Hamamelis virginiana makes a wonderful addition to the garden, especially as an understory tree where it thrives in semi-shade and soil that is rich with organic matter and humus. It is a beautiful sight, and not uncommon, to see it still in flower with the first snowfall of the season. The blooming time of H. virginiana contrasts with another U.S. native, Hamamelis vernalis, also known as Ozark witch hazel and indigenous to the south central states; this species blooms in spring as its name indicates! Be sure not to confuse either of these two native species with the much more commonly available and planted Hamamelis x intermedia, a cross between a two Asian species (one from China and the other Japan) and another spring bloomer.
The Pollination Puzzle of American Witch Hazel
American witch hazel (Hamamelis virginiana) is a common component of the understory in forests throughout the eastern U. S. with a very uncommon characteristic— it blooms late in the fall (typically Oct/Nov in New England), just as most other plants are going dormant. These delicate blossoms remain in flower for a month or more, defying frosts and the occasional snow storm. This habit brings up many questions of why and how, but here we are going to try to answer just one: who pollinates American witch hazel?
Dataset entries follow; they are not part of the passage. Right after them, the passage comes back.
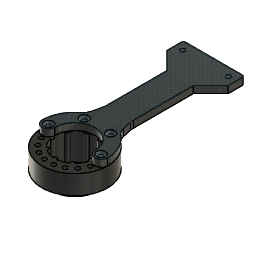
Trampa Mud Guard Arm v4 (Autodesk Fusion 360 design; units mm, degrees)
Autodesk Fusion 360 part; units mm, degrees
note: some values were not read from the file. Chosen so that the rebuilt part matches the saved one: where a step starts.
sketch "Sketch1" plane through (0, 0, 0) normal (0, 0, 1) x (1, 0, 0)
  line L0 (0, 0) -> (-18.342, 0) construction
  line L1 (-18.342, 0) -> (-30, 0) construction
  circle A0 centre (-24, 0) radius 2.125
  arc A1 (18.342, 0) -> (-18.342, 0) centre (0, 0) ccw
  arc A2 (-30, 0) -> (-18.342, 0) centre (-24.171, 0) ccw
  arc A3 (18.342, 0) -> (30, 0) centre (24.171, 0) ccw
  line L2 (0, 0) -> (0, 120) construction
  circle A4 centre (24, 0) radius 2.125
  circle A5 centre (12, 20.7846) radius 2.125
  circle A6 centre (-12, 20.7846) radius 2.125
  line L3 (0, 0) -> (-12, 20.7846) construction
  line L4 (-12, 20.7846) -> (-15, 25.9808) construction
  line L5 (0, 0) -> (12, 20.7846) construction
  line L6 (12, 20.7846) -> (15, 25.9808) construction
  line L7 (0, 40) -> (12, 40) construction
  line L8 (0, 40) -> (-12, 40) construction
  line L9 (-15, 25.9808) -> (-12, 40)
  line L10 (12, 40) -> (15, 25.9808)
  line L11 (12, 40) -> (12, 112.5)
  line L12 (28, 112.5) -> (28, 127.5)
  line L13 (28, 127.5) -> (-28, 127.5)
  line L14 (-28, 127.5) -> (-28, 112.5)
  line L15 (-28, 112.5) -> (28, 127.5) construction
  line L16 (28, 112.5) -> (-28, 127.5) construction
  line L17 (-12, 40) -> (-12, 112.5)
  line L18 (-28, 112.5) -> (-12, 112.5)
  line L19 (12, 112.5) -> (28, 112.5)
  arc A7 (30, 0) -> (15, 25.9808) centre (0, 0) ccw
  arc A8 (-15, 25.9808) -> (-30, 0) centre (0, 0) ccw
  line L20 (0, 120) -> (-21, 120) construction
  line L21 (0, 120) -> (21, 120) construction
  circle A9 centre (-21, 120) radius 2.125
  circle A10 centre (21, 120) radius 2.125
  point P0 (0, 120)
  dimension "d1" = 36.684
  dimension "d2" = 60
  dimension "d3" = 4.25
  dimension "d6" = 120
  dimension "d9" = 360
  dimension "d10" = 12
  dimension "d11" = 12
  dimension "d12" = 56
  dimension "d13" = 15
  dimension "d14" = 21
  dimension "d15" = 21
  dimension "d16" = 4.25
  dimension "d17" = 4.25
  dimension "d36" = 24
  constraint coincident L0.start A1.centre
  constraint concentric A1 A7
  constraint horizontal L0
  constraint parallel L0 L1
  constraint tangent A3 A7
  constraint perpendicular L0 L2
  constraint coincident A6.centre L3.end
  constraint coincident L4.end A7
  constraint parallel L3 L4
  constraint coincident A5.centre L5.end
  constraint parallel L5 L6
  constraint coincident L2 L7.start
  constraint perpendicular L2 L7
  constraint perpendicular L2 L8
  constraint perpendicular L8 L17
  constraint perpendicular L7 L11
  constraint horizontal L18
  constraint perpendicular L12 L18
  constraint parallel L13 L18
  constraint parallel L12 L14
  constraint coincident L15 P0
  constraint coincident L16 P0
  constraint coincident P0 L2.end
  constraint coincident L11.end L18
  constraint collinear L18 L19
  constraint concentric A7 A8
  constraint perpendicular L2 L20
  constraint perpendicular L2 L21
  constraint coincident L20.end A9.centre
  constraint coincident L21.end A10.centre
  measures "d1" diameter of A1
  measures "d2" diameter of A7
  measures "d3" diameter of A0
  measures "d6" distance of L0.start P0
  measures "d10" distance of L7.start L7.end
  measures "d11" distance of L7.start L8.end
  measures "d12" distance of L12.end L13.end
  measures "d13" distance of L13 L18
  measures "d14" distance of P0 L20.end
  measures "d15" distance of P0 L21.end
  measures "d16" diameter of A9
  measures "d17" diameter of A10
  measures "d36" distance of A0.centre L0.start
extrude "Extrude1" add sketch "Sketch1" along normal blind 6.35 makes body 1
chamfer "Chamfer1" distance 16 angle 45 2 edges at (12, 112.5, 3.175) (-12, 112.5, 3.175) on bodies 1
chamfer "Chamfer1" distance 1.25 angle 45 2 edges at (28, 127.5, 3.175) (-28, 127.5, 3.175) on bodies 1
fillet "Fillet1" radius 15 2 edges at (-12, 40, 3.175) (12, 40, 3.175) on bodies 1
fillet "Fillet2" radius 12.5 2 edges at (-15, 25.9808, 3.175) (15, 25.9808, 3.175) on bodies 1
sketch "Sketch3" plane through (0, 0, 0) normal (0, 0, -1) x (1, 0, 0)
  circle A0 centre (21, -120) radius 2.125
  circle A1 centre (-21, -120) radius 2.125
  circle A2 centre (-12, -20.7846) radius 2.125
  circle A3 centre (12, -20.7846) radius 2.125
  line L0 (-28, -126.25) -> (-26.75, -127.5)
  line L1 (-26.75, -127.5) -> (26.75, -127.5)
  line L2 (26.75, -127.5) -> (28, -126.25)
  line L3 (28, -126.25) -> (28, -112.5)
  line L4 (28, -112.5) -> (12, -96.5)
  line L5 (12, -96.5) -> (12, -41.587)
  arc A4 (12.3321, -38.4482) -> (12, -41.587) centre (27, -41.587) ccw
  line L6 (12.3321, -38.4482) -> (13.9548, -30.865)
  arc A5 (18.4786, -23.6334) -> (13.9548, -30.865) centre (26.1781, -33.4807) ccw
  arc A6 (18.4786, -23.6334) -> (30, 0) centre (0, 0) ccw
  arc A7 (30, 0) -> (18.342, 0) centre (24.171, 0) ccw
  arc A8 (-18.342, 0) -> (18.342, 0) centre (0, 0) ccw
  arc A9 (-18.342, 0) -> (-30, 0) centre (-24.171, 0) ccw
  arc A10 (-30, 0) -> (-18.4786, -23.6334) centre (0, 0) ccw
  arc A11 (-13.9548, -30.865) -> (-18.4786, -23.6334) centre (-26.1781, -33.4807) ccw
  line L7 (-13.9548, -30.865) -> (-12.3321, -38.4482)
  arc A12 (-12, -41.587) -> (-12.3321, -38.4482) centre (-27, -41.587) ccw
  line L8 (-12, -41.587) -> (-12, -96.5)
  line L9 (-12, -96.5) -> (-28, -112.5)
  line L10 (-28, -112.5) -> (-28, -126.25)
  circle A13 centre (24, 0) radius 2.125
  circle A14 centre (-24, 0) radius 2.125
hole "Hole2" at (21, 120, 0) at (-21, 120, 0) direction (0, 0, 1) diameter 4.3 depth 70 tip angle 118 countersink diameter 8.125 countersink angle 90 bodies 1
sketch "Sketch1 (2)" plane through (0, 0, 0) normal (0, 0, 1) x (1, 0, 0) in component "Trampa Mud Guard \"Clamp\" v3"
  arc A0 (4.6041, -17.7549) -> (7.8857, -16.5605) centre (6.205, -17.048) cw
  arc A1 (-10.399, 15.1095) -> (-13.0741, 12.8647) centre (-11.6615, 13.8977) cw
  arc A2 (7.8857, -16.5605) -> (14.9396, -10.6416) centre (0, 0) ccw
  arc A3 (1.7461, 18.2588) -> (-1.7461, 18.2588) centre (0, 18.1421) cw
  arc A4 (-17.6782, 4.8902) -> (-18.2847, 1.451) centre (-17.8665, 3.1503) cw
  arc A5 (-18.2847, 1.451) -> (-16.6857, -7.6172) centre (0, 0) ccw
  arc A6 (-14.9396, -10.6416) -> (-7.8857, -16.5605) centre (0, 0) ccw
  arc A7 (-13.0741, 12.8647) -> (-17.6782, 4.8902) centre (0, 0) ccw
  arc A8 (14.9396, -10.6416) -> (16.6857, -7.6172) centre (15.7116, -9.0711) cw
  arc A9 (13.0741, 12.8647) -> (10.399, 15.1095) centre (11.6615, 13.8977) cw
  arc A10 (18.2847, 1.451) -> (17.6782, 4.8902) centre (17.8665, 3.1503) cw
  arc A11 (16.6857, -7.6172) -> (18.2847, 1.451) centre (0, 0) ccw
  arc A12 (-1.7461, 18.2588) -> (-10.399, 15.1095) centre (0, 0) ccw
  arc A13 (10.399, 15.1095) -> (1.7461, 18.2588) centre (0, 0) ccw
  arc A14 (-4.6041, -17.7549) -> (4.6041, -17.7549) centre (0, 0) ccw
  arc A15 (-16.6857, -7.6172) -> (-14.9396, -10.6416) centre (-15.7116, -9.0711) cw
  arc A16 (-7.8857, -16.5605) -> (-4.6041, -17.7549) centre (-6.205, -17.048) cw
  arc A17 (17.6782, 4.8902) -> (13.0741, 12.8647) centre (0, 0) ccw
  circle A18 centre (0, 0) radius 30
  line L0 (0, 0) -> (-24, 0) construction
  circle A19 centre (-24, 0) radius 2
  circle A20 centre (-22.5526, -8.2085) radius 2
  circle A21 centre (-18.3851, -15.4269) radius 2
  circle A22 centre (-12, -20.7846) radius 2
  circle A23 centre (-4.1676, -23.6354) radius 2
  circle A24 centre (4.1676, -23.6354) radius 2
  circle A25 centre (12, -20.7846) radius 2
  circle A26 centre (18.3851, -15.4269) radius 2
  circle A27 centre (22.5526, -8.2085) radius 2
  circle A28 centre (24, 0) radius 2
  circle A29 centre (22.5526, 8.2085) radius 2
  circle A30 centre (18.3851, 15.4269) radius 2
  circle A31 centre (12, 20.7846) radius 2
  circle A32 centre (4.1676, 23.6354) radius 2
  circle A33 centre (-4.1676, 23.6354) radius 2
  circle A34 centre (-12, 20.7846) radius 2
  circle A35 centre (-18.3851, 15.4269) radius 2
  circle A36 centre (-22.5526, 8.2085) radius 2
  dimension "d1_1" = 24
  dimension "d2_1" = 4
  dimension "d4" = 360
  dimension "d10_1" = 60
  constraint concentric A12 A18
  constraint coincident A2.centre A5.centre
  constraint horizontal L0
  constraint coincident L0.end A19.centre
  measures "d1_1" distance of A2.centre L0.end
  measures "d2_1" diameter of A19
  measures "d10_1" diameter of A18
extrude "Extrude1'" add sketch "Sketch1 (2)" along normal blind 17.5 separate body makes body 2 in component "Trampa Mud Guard \"Clamp\" v3"
sketch "Sketch2" plane through (0, 0, 17.5) normal (0, 0, 1) x (-1, 0, 0) in component "Trampa Mud Guard \"Clamp\" v3"
  circle A0 centre (-24, 0) radius 2
  circle A1 centre (-18.3851, 15.4269) radius 2
  circle A2 centre (-12, 20.7846) radius 2
  arc A3 (-17.6782, -4.8902) -> (-13.0741, -12.8647) centre (0, 0) ccw
  arc A4 (-17.6782, -4.8902) -> (-18.2847, -1.451) centre (-17.8665, -3.1503) ccw
  arc A5 (-16.6857, 7.6172) -> (-18.2847, -1.451) centre (0, 0) ccw
  arc A6 (-16.6857, 7.6172) -> (-14.9396, 10.6416) centre (-15.7116, 9.0711) ccw
  arc A7 (-7.8857, 16.5605) -> (-14.9396, 10.6416) centre (0, 0) ccw
  arc A8 (-7.8857, 16.5605) -> (-4.6041, 17.7549) centre (-6.205, 17.048) ccw
  arc A9 (4.6041, 17.7549) -> (-4.6041, 17.7549) centre (0, 0) ccw
  arc A10 (4.6041, 17.7549) -> (7.8857, 16.5605) centre (6.205, 17.048) ccw
  arc A11 (14.9396, 10.6416) -> (7.8857, 16.5605) centre (0, 0) ccw
  arc A12 (14.9396, 10.6416) -> (16.6857, 7.6172) centre (15.7116, 9.0711) ccw
  arc A13 (18.2847, -1.451) -> (16.6857, 7.6172) centre (0, 0) ccw
  arc A14 (18.2847, -1.451) -> (17.6782, -4.8902) centre (17.8665, -3.1503) ccw
  arc A15 (13.0741, -12.8647) -> (17.6782, -4.8902) centre (0, 0) ccw
  arc A16 (13.0741, -12.8647) -> (10.399, -15.1095) centre (11.6615, -13.8977) ccw
  arc A17 (1.7461, -18.2588) -> (10.399, -15.1095) centre (0, 0) ccw
  arc A18 (1.7461, -18.2588) -> (-1.7461, -18.2588) centre (0, -18.1421) ccw
  arc A19 (-10.399, -15.1095) -> (-1.7461, -18.2588) centre (0, 0) ccw
  arc A20 (-10.399, -15.1095) -> (-13.0741, -12.8647) centre (-11.6615, -13.8977) ccw
  circle A21 centre (-22.5526, -8.2085) radius 2
  circle A22 centre (-22.5526, 8.2085) radius 2
  circle A23 centre (-4.1676, 23.6354) radius 2
  circle A24 centre (4.1676, 23.6354) radius 2
  circle A25 centre (12, 20.7846) radius 2
  circle A26 centre (18.3851, 15.4269) radius 2
  circle A27 centre (22.5526, 8.2085) radius 2
  circle A28 centre (24, 0) radius 2
  circle A29 centre (-18.3851, -15.4269) radius 2
  circle A30 centre (-12, -20.7846) radius 2
  circle A31 centre (-4.1676, -23.6354) radius 2
  circle A32 centre (4.1676, -23.6354) radius 2
  circle A33 centre (12, -20.7846) radius 2
  circle A34 centre (18.3851, -15.4269) radius 2
  circle A35 centre (22.5526, -8.2085) radius 2
  circle A36 centre (0, 0) radius 30
  line L0 (0, 0) -> (4.1676, 23.6354) construction
  line L1 (1.4584, 20.4068) -> (5.6091, 19.6749)
  line L2 (6.8767, 26.864) -> (2.7261, 27.5959)
  line L3 (-5.6091, 19.6749) -> (-1.4584, 20.4068)
  line L4 (-2.7261, 27.5959) -> (-6.8767, 26.864)
  line L5 (-4.1676, 23.6354) -> (0, 0) construction
  line L6 (-2.7261, 27.5959) -> (2.7261, 27.5959)
  line L7 (-1.4584, 20.4068) -> (1.4584, 20.4068)
  line L8 (-5.6091, 19.6749) -> (-1.4584, 20.4068)
  line L9 (-8.35, 18.6773) -> (-5.6091, 19.6749)
  line L10 (-12, 24.9993) -> (-6.8767, 26.864)
  line L11 (-2.7261, 27.5959) -> (-6.8767, 26.864)
  line L12 (-12, 16.57) -> (-8.35, 18.6773)
  line L13 (-14.2344, 14.695) -> (-12, 16.57)
  line L14 (-19.8266, 19.3874) -> (-15.65, 22.8919)
  line L15 (-12, 24.9993) -> (-15.65, 22.8919)
  line L16 (-16.9436, 11.4664) -> (-14.2344, 14.695)
  line L17 (-18.402, 8.9404) -> (-16.9436, 11.4664)
  line L18 (-25.2618, 11.4371) -> (-22.5357, 16.1588)
  line L19 (-19.8266, 19.3874) -> (-22.5357, 16.1588)
  line L20 (-19.8435, 4.9799) -> (-18.402, 8.9404)
  line L21 (-20.35, 2.1073) -> (-19.8435, 4.9799)
  line L22 (-27.65, 2.1073) -> (-26.7032, 7.4766)
  line L23 (-25.2618, 11.4371) -> (-26.7032, 7.4766)
  line L24 (-20.35, -2.1073) -> (-20.35, 2.1073)
  line L25 (-19.8435, -4.9799) -> (-20.35, -2.1073)
  line L26 (-26.7032, -7.4766) -> (-27.65, -2.1073)
  line L27 (-27.65, 2.1073) -> (-27.65, -2.1073)
  line L28 (-18.402, -8.9404) -> (-19.8435, -4.9799)
  line L29 (-16.9436, -11.4664) -> (-18.402, -8.9404)
  line L30 (-22.5357, -16.1588) -> (-25.2618, -11.4371)
  line L31 (-26.7032, -7.4766) -> (-25.2618, -11.4371)
  line L32 (-14.2344, -14.695) -> (-16.9436, -11.4664)
  line L33 (-12, -16.57) -> (-14.2344, -14.695)
  line L34 (-15.65, -22.8919) -> (-19.8266, -19.3874)
  line L35 (-22.5357, -16.1588) -> (-19.8266, -19.3874)
  line L36 (-8.35, -18.6773) -> (-12, -16.57)
  line L37 (-5.6091, -19.6749) -> (-8.35, -18.6773)
  line L38 (-6.8767, -26.864) -> (-12, -24.9993)
  line L39 (-15.65, -22.8919) -> (-12, -24.9993)
  line L40 (-1.4584, -20.4068) -> (-5.6091, -19.6749)
  line L41 (1.4584, -20.4068) -> (-1.4584, -20.4068)
  line L42 (2.7261, -27.5959) -> (-2.7261, -27.5959)
  line L43 (-6.8767, -26.864) -> (-2.7261, -27.5959)
  line L44 (5.6091, -19.6749) -> (1.4584, -20.4068)
  line L45 (8.35, -18.6773) -> (5.6091, -19.6749)
  line L46 (12, -24.9993) -> (6.8767, -26.864)
  line L47 (2.7261, -27.5959) -> (6.8767, -26.864)
  line L48 (12, -16.57) -> (8.35, -18.6773)
  line L49 (14.2344, -14.695) -> (12, -16.57)
  line L50 (19.8266, -19.3874) -> (15.65, -22.8919)
  line L51 (12, -24.9993) -> (15.65, -22.8919)
  line L52 (16.9436, -11.4664) -> (14.2344, -14.695)
  line L53 (18.402, -8.9404) -> (16.9436, -11.4664)
  line L54 (25.2618, -11.4371) -> (22.5357, -16.1588)
  line L55 (19.8266, -19.3874) -> (22.5357, -16.1588)
  line L56 (19.8435, -4.9799) -> (18.402, -8.9404)
  line L57 (20.35, -2.1073) -> (19.8435, -4.9799)
  line L58 (27.65, -2.1073) -> (26.7032, -7.4766)
  line L59 (25.2618, -11.4371) -> (26.7032, -7.4766)
  line L60 (20.35, 2.1073) -> (20.35, -2.1073)
  line L61 (19.8435, 4.9799) -> (20.35, 2.1073)
  line L62 (26.7032, 7.4766) -> (27.65, 2.1073)
  line L63 (27.65, -2.1073) -> (27.65, 2.1073)
  line L64 (18.402, 8.9404) -> (19.8435, 4.9799)
  line L65 (16.9436, 11.4664) -> (18.402, 8.9404)
  line L66 (22.5357, 16.1588) -> (25.2618, 11.4371)
  line L67 (26.7032, 7.4766) -> (25.2618, 11.4371)
  line L68 (14.2344, 14.695) -> (16.9436, 11.4664)
  line L69 (12, 16.57) -> (14.2344, 14.695)
  line L70 (15.65, 22.8919) -> (19.8266, 19.3874)
  line L71 (22.5357, 16.1588) -> (19.8266, 19.3874)
  line L72 (8.35, 18.6773) -> (12, 16.57)
  line L73 (5.6091, 19.6749) -> (8.35, 18.6773)
  line L74 (6.8767, 26.864) -> (12, 24.9993)
  line L75 (15.65, 22.8919) -> (12, 24.9993)
  point P0 (4.1676, 23.6354)
  point P1 (4.1676, 23.6354)
  point P2 (-4.1676, 23.6354)
  dimension "d14_1" = 360
  constraint coincident P1 P0
  constraint coincident A3.centre A5.centre
  constraint perpendicular L0 L1
  constraint coincident P2 A23.centre
  constraint perpendicular L3 L5
extrude "Extrude2" cut sketch "Sketch2" against normal blind 5 contours L2 L4 L6 L10 L11 L14 L15 L18 L19 L22 L23 L26 L27 L30 L31 L34 L35 L38 L39 L42 L43 L46 L47 L50 L51 L54 L55 L58 L59 L62 L63 L66 L67 L70 L71 L74 L75 bodies 2 in component "Trampa Mud Guard \"Clamp\" v3"
sketch "Sketch3 (2)" plane through (0, 0, 0) normal (0, 1, 0) x (1, 0, 0) in component "Trampa Mud Guard \"Clamp\" v3"
  line L0 (-3, 0) -> (3, 0) construction
  line L1 (3, 0) -> (3, -3) construction
  line L2 (3, -3) -> (-3, -3) construction
  line L3 (-3, -3) -> (-3, 0) construction
  dimension "d17_1" = 3
  text T0 "^" font "Arial" height 3 align centre middle in box 6 x 3 at (-3, 0) x (1, 0) y (0, -1) spacing 1
extrude "Extrude3" cut sketch "Sketch3 (2)" along normal blind 1 from the far side of the face at (29.8509, -2.987, 11.6667) text T0 on bodies 2 bodies 2 in component "Trampa Mud Guard \"Clamp\" v3"
extrude "Extrude4" add 1 faces at (-18.5869, -6.455, 17.5) along direction (0, 0, 1) blind 7.5 on bodies 2 bodies 2 in component "Trampa Mud Guard \"Clamp\" v3"
sketch "Sketch4" plane through (0, 0, 6.35) normal (0, 0, 1) x (-1, 0, 0)
  line L0 (26.75, -127.5) -> (28, -126.25)
  line L1 (28, -126.25) -> (28, -112.5)
  line L2 (28, -112.5) -> (12, -96.5)
  line L3 (12, -96.5) -> (12, -41.587)
  arc A0 (12.3321, -38.4482) -> (12, -41.587) centre (27, -41.587) ccw
  line L4 (12.3321, -38.4482) -> (13.9548, -30.865)
  arc A1 (18.4786, -23.6334) -> (13.9548, -30.865) centre (26.1781, -33.4807) ccw
  arc A2 (18.4786, -23.6334) -> (30, 0) centre (0, 0) ccw
  arc A3 (30, 0) -> (18.342, 0) centre (24.171, 0) ccw
  arc A4 (-18.342, 0) -> (18.342, 0) centre (0, 0) ccw
  arc A5 (-18.342, 0) -> (-30, 0) centre (-24.171, 0) ccw
  arc A6 (-30, 0) -> (-18.4786, -23.6334) centre (0, 0) ccw
  arc A7 (-13.9548, -30.865) -> (-18.4786, -23.6334) centre (-26.1781, -33.4807) ccw
  line L5 (-13.9548, -30.865) -> (-12.3321, -38.4482)
  arc A8 (-12, -41.587) -> (-12.3321, -38.4482) centre (-27, -41.587) ccw
  line L6 (-12, -41.587) -> (-12, -96.5)
  line L7 (-12, -96.5) -> (-28, -112.5)
  line L8 (-28, -112.5) -> (-28, -126.25)
  line L9 (-28, -126.25) -> (-26.75, -127.5)
  line L10 (-26.75, -127.5) -> (26.75, -127.5)
  circle A9 centre (-24, 0) radius 2.125
  circle A10 centre (-21, -120) radius 2.15
  circle A11 centre (21, -120) radius 2.15
  circle A12 centre (12, -20.7846) radius 2.125
  circle A13 centre (24, 0) radius 2.125
  circle A14 centre (-12, -20.7846) radius 2.125
sketch "Sketch7" plane through (0, 0, 6.35) normal (0, 0, 1) x (-1, 0, 0)
  line L0 (26.75, -127.5) -> (28, -126.25)
  line L1 (28, -126.25) -> (28, -112.5)
  line L2 (28, -112.5) -> (12, -96.5)
  line L3 (12, -96.5) -> (12, -41.587)
  arc A0 (12.3321, -38.4482) -> (12, -41.587) centre (27, -41.587) ccw
  line L4 (12.3321, -38.4482) -> (13.9548, -30.865)
  arc A1 (18.4786, -23.6334) -> (13.9548, -30.865) centre (26.1781, -33.4807) ccw
  arc A2 (18.4786, -23.6334) -> (30, 0) centre (0, 0) ccw
  arc A3 (30, 0) -> (18.342, 0) centre (24.171, 0) ccw
  arc A4 (-18.342, 0) -> (18.342, 0) centre (0, 0) ccw
  arc A5 (-18.342, 0) -> (-30, 0) centre (-24.171, 0) ccw
  arc A6 (-30, 0) -> (-18.4786, -23.6334) centre (0, 0) ccw
  arc A7 (-13.9548, -30.865) -> (-18.4786, -23.6334) centre (-26.1781, -33.4807) ccw
  line L5 (-13.9548, -30.865) -> (-12.3321, -38.4482)
  arc A8 (-12, -41.587) -> (-12.3321, -38.4482) centre (-27, -41.587) ccw
  line L6 (-12, -41.587) -> (-12, -96.5)
  line L7 (-12, -96.5) -> (-28, -112.5)
  line L8 (-28, -112.5) -> (-28, -126.25)
  line L9 (-28, -126.25) -> (-26.75, -127.5)
  line L10 (-26.75, -127.5) -> (26.75, -127.5)
  circle A9 centre (-21, -120) radius 2.15
  circle A10 centre (21, -120) radius 2.15
  circle A11 centre (-24, 0) radius 2.125
  circle A12 centre (24, 0) radius 2.125
  circle A13 centre (-12, -20.7846) radius 2.125
  circle A14 centre (12, -20.7846) radius 2.125
hole "Hole3" at (24, 0, 6.35) at (12, 20.7846, 6.35) at (-12, 20.7846, 6.35) at (-24, 0, 6.35) direction (0, 0, -1) diameter 4.3 depth 70 tip angle 118 countersink diameter 8.125 countersink angle 90 bodies 1
sketch "Sketch5" plane through (0, 0, 0) normal (0, 0, 1) x (1, 0, 0)
sketch "Sketch6" plane through (0, 0, 0) normal (0, 0, 1) x (1, 0, 0)
component "Trampa Mud Guard \"Clamp\" v3" placed x (1, 0, 0) y (0, -1, 0) z (0, 0, -1) at (0, 0, -0.062)
equation "d1 = ( 18.342 * 2 ) * 1 mm"

Of course, there is always the possibility that it is primarily wind-pollinated, though that would be unusual for a species with such showy flowers—a trait that generally evolves to attract insects. Witch hazel also produces sticky pollen and nectar with a sucrose ratio typical of bee or fly-pollinated flowers. And, though the data on this is somewhat mixed, Hamamelis virginiana appears to be largely self-incompatible—though it can self-pollinate, little to no viable seed is produced when this occurs. All of these features point strongly toward cross-pollination by insects.
Which insects are involved is much less clear. Some sources list moths, specifically winter-flying members of the genus Eupsilia that have been observed feeding on witch hazel flowers. Intriguingly, these moths can thermoregulate, allowing them to fly amid freezing temperatures that would preclude other insects. Presumably this would enable them to make more frequent visits to Hamamelis flowers, increasing the likelihood of effective pollination. However, the most intensive available study of Hamamelis reproduction points in a different direction. Anderson & Hill (2002) primarily observed flies and small bees visiting witch hazel. Most prevalent were fungal gnats from the genus Bradysia, which did pick up some pollen on their visits, but are too small to be very effective pollinators. Bees, who generally need mild temperatures to fly, visited more rarely but carried much higher percentages of witch hazel pollen on their bodies, increasing the chance of successful pollination.
We are left with a unique array of possibilities—nocturnal moths, swarms of gnats, the elusive but impactful bee—and plenty of exciting potential for new observation and research. Perhaps each of these insects has a role to play; the complex ecological system they are part of definitely has more hidden wonders to uncover.